Quel que soit le rhumatisme, celui-ci se manifeste, au plan clinique, d’abord par la douleur qui représente le maître-symptôme. ''D’ailleurs, le terme de rhumatisme renvoie au caractère de la douleur. Rhume signifie écoulement. Quand on est enrhumé, on coule du nez. C’est parce que les malades souffrant de rhumatismes décrivent leurs douleurs comme un écoulement douloureux dans le corps que le terme de rhumatisme a été consacré à la description de ces pathologies'', fait savoir le spécialiste en rhumatologie.

 

La douleur est de type inflammatoire (dans les rhumatismes inflammatoires) ou mécanique (dans les rhumatismes dégénératifs). La douleur de type inflammatoire survient essentiellement la nuit, ''d’une manière spontanée, source alors d’insomnie, jusqu’au matin où elle est remplacée au niveau de l’articulation atteinte par un endolorissement qui s’estompe au fur et à mesure des activités quotidiennes.
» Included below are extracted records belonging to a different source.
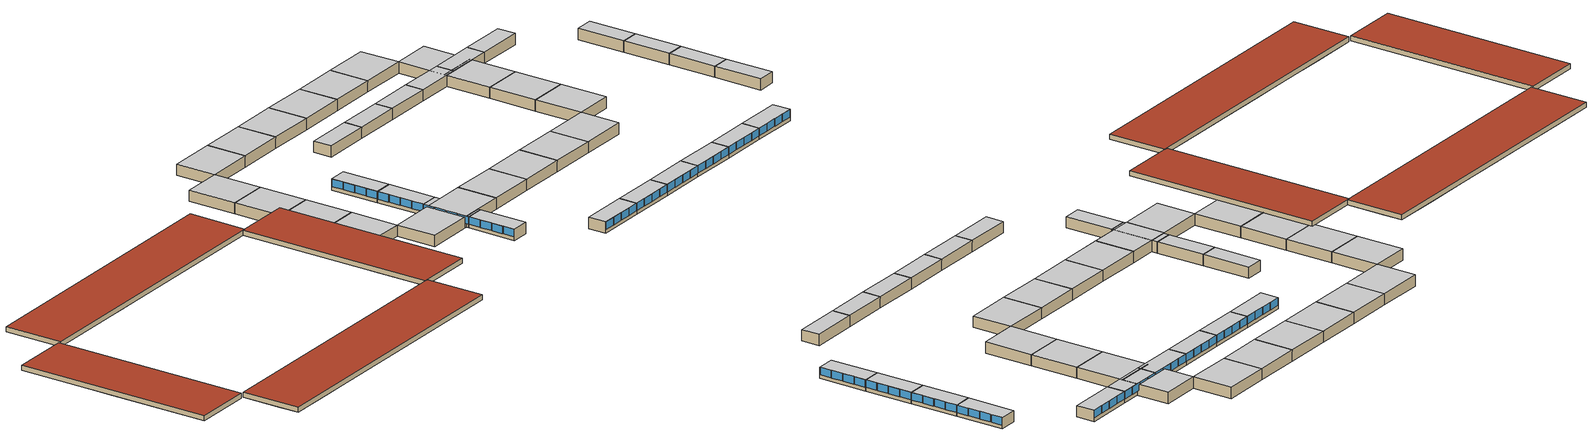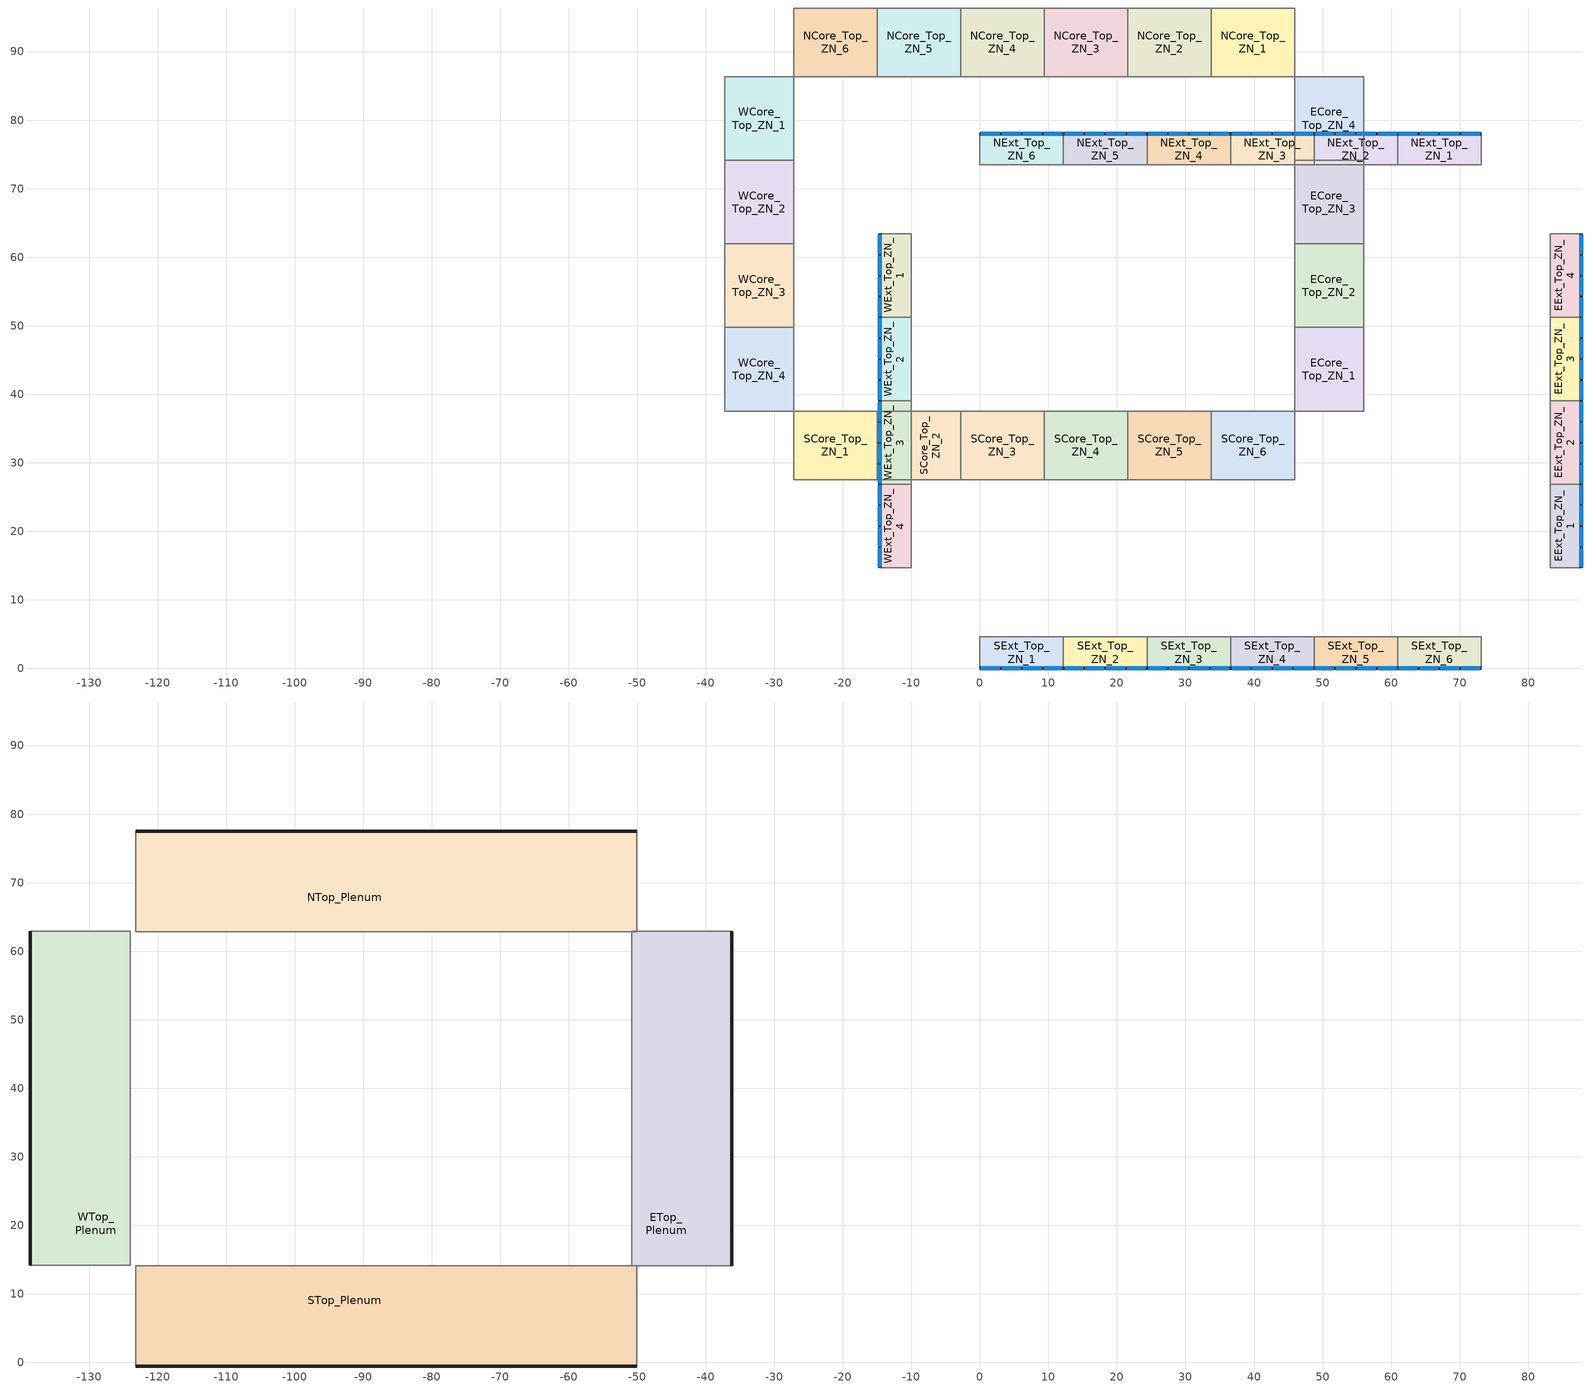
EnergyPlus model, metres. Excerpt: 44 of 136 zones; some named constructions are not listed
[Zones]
SCore_Top_ZN_5
 floor adiabatic (int_slab_floor): 33.75,37.54 33.75,27.48 21.56,27.48 21.56,37.54 z43.59
 wall adiabatic (int_wall): 21.56,27.48 33.75,27.48 33.75,37.54 21.56,37.54 21.56,27.48 z43.59:46.33
 ceiling adiabatic (DropCeiling): 21.56,37.54 21.56,27.48 33.75,27.48 33.75,37.54 z46.33
SExt_Top_ZN_4
 floor adiabatic (int_slab_floor): 48.77,4.57 48.77,0 36.58,0 36.58,4.57 z43.59
 wall outside (T24NRWallMetalFrame): 36.58,0 48.77,0 z43.59:46.33
 wall adiabatic (int_wall): 48.77,0 48.77,4.57 36.58,4.57 36.58,0 z43.59:46.33
 window (CFS_Glz_807): 36.73,0 39.47,0 / 39.78,0 42.52,0 / 42.82,0 45.57,0 / 45.87,0 48.62,0 z44.5:46.33
 ceiling adiabatic (DropCeiling): 36.58,4.57 36.58,0 48.77,0 48.77,4.57 z46.33
SCore_Top_ZN_2
 floor adiabatic (int_slab_floor): -2.82,37.54 -2.82,27.48 -15.02,27.48 -15.02,37.54 z43.59
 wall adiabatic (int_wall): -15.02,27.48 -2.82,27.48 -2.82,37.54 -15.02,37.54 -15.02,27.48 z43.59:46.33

Le temps entre le réveil et la disparition de cette raideur est appelée dérouillage matinal'', note le Pr. Diallo. Parmi les mécanismes explicatifs du caractère nocturne de la douleur, figure la formation de cryoprécipités : ''Certaines substances inflammatoires se comportent comme des cristaux de glace, au fur et à mesure que la température de la terre se refroidit. Refroidissement qui atteint son sommet dans la deuxième moitié de la nuit. Au réveil, au fur et à mesure que la terre se réchauffe avec le lever du soleil, ces cryoprécipités disparaissent, avec cliniquement une disparition ou atténuation de la douleur et raideur des articulations atteintes'', dit Saïdou Diallo.

 

Voilà pourquoi, précise-t-il, ''l'expression de cette pathologie est plus aiguë pendant le froid''. En dehors de la douleur, les patients se plaignent souvent aussi de ''raideur des articulations atteintes, de troubles de la fonction des articulations atteintes (impotence fonctionnelle ou perte des capacités aux mouvements, relative ou absolue : cela explique la nature invalidante ou handicapante des rhumatismes)'', soutient-il. La pratique régulière d’une activité sportive permet de prévenir les rhumatismes.